● **WORK INSTRUCTION**
Lines of the listing that contain "supply" need to be copied.

### EXERCISE DATA

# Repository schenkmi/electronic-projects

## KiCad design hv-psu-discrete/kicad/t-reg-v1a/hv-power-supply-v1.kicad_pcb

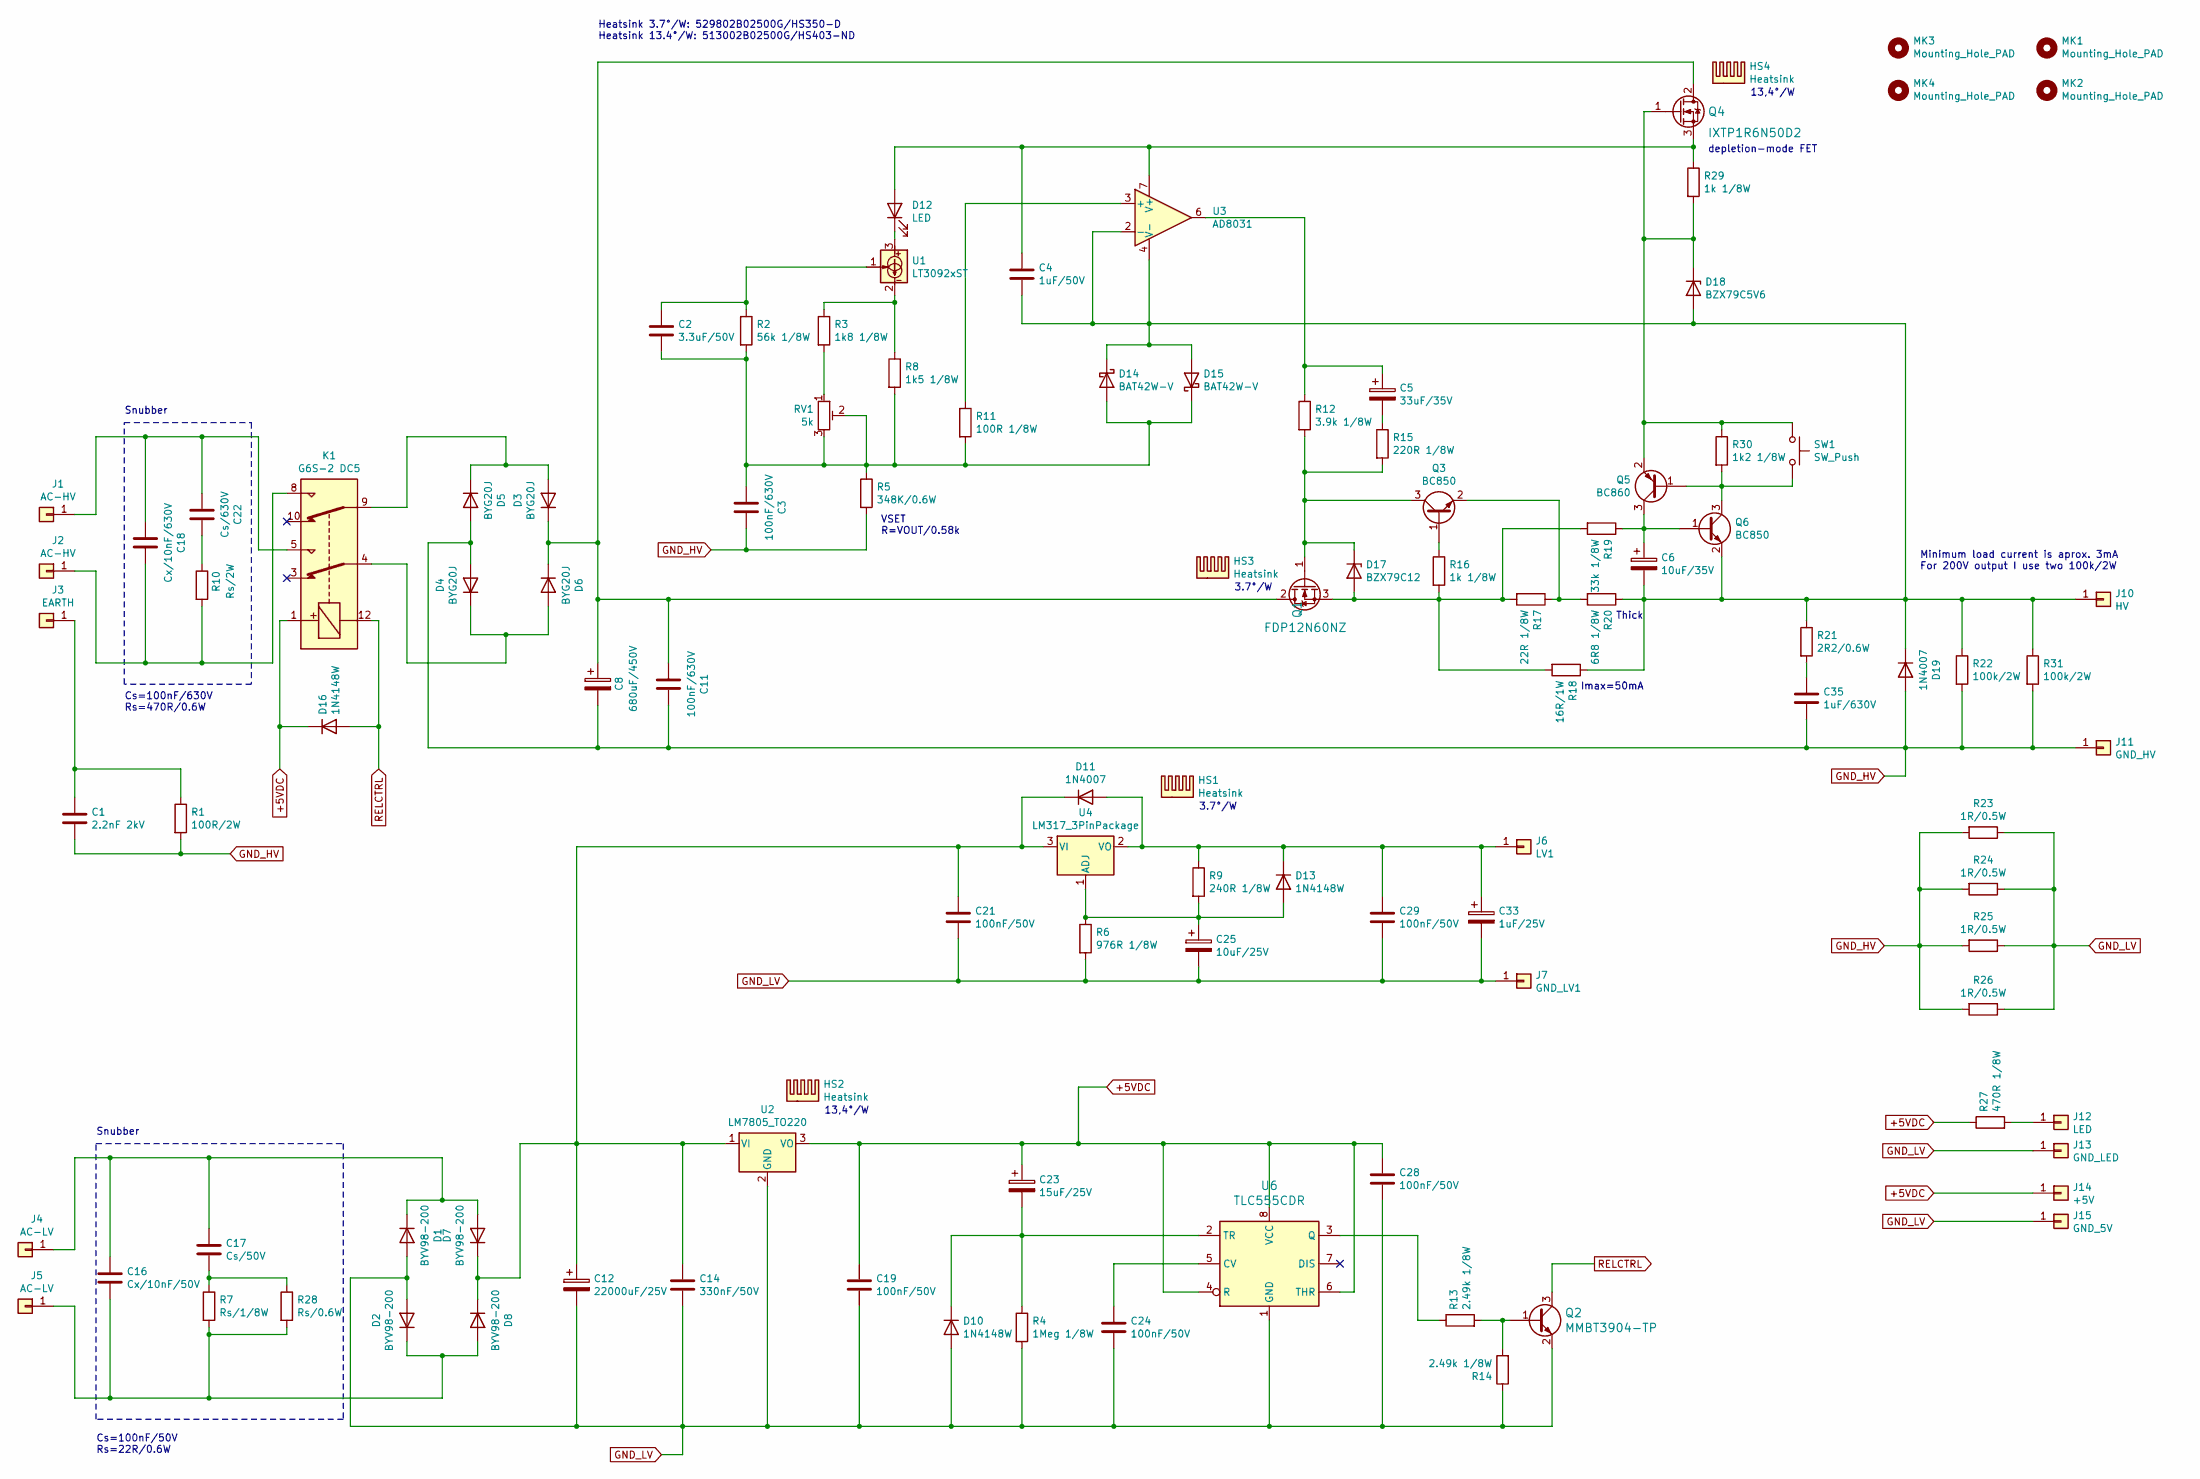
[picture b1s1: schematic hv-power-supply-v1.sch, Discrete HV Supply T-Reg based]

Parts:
C1: 2.2nF 2kV; C_Rect_L18.0mm_W5.0mm_P15.00mm_FKS3_FKP3
C2: 3.3uF/50V; C_1210_3225Metric_Pad1.33x2.70mm_HandSolder
C3, C11: 100nF/630V; C_Rect_L18.0mm_W5.0mm_P15.00mm_FKS3_FKP3
C4: 1uF/50V; C_0805_2012Metric_Pad1.18x1.45mm_HandSolder
C5: 33uF/35V; CP_Radial_D5.0mm_P2.00mm
C6: 10uF/35V; CP_Radial_D5.0mm_P2.00mm
C8: 680uF/450V; CP_Radial_D35.0mm_P10.00mm_SnapIn
C12: 22000uF/25V; CP_Radial_D35.0mm_P10.00mm_SnapIn
C14: 330nF/50V; C_0805_2012Metric_Pad1.18x1.45mm_HandSolder
C16: Cx/10nF/50V; C_0805_2012Metric_Pad1.18x1.45mm_HandSolder
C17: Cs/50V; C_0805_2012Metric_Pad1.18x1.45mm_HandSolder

######

● **EXERCISE SOLUTION**
## KiCad design hv-psu-discrete/kicad/t-reg-v1a/hv-power-supply-v1.kicad_pcb
[picture b1s1: schematic hv-power-supply-v1.sch, Discrete HV Supply T-Reg based]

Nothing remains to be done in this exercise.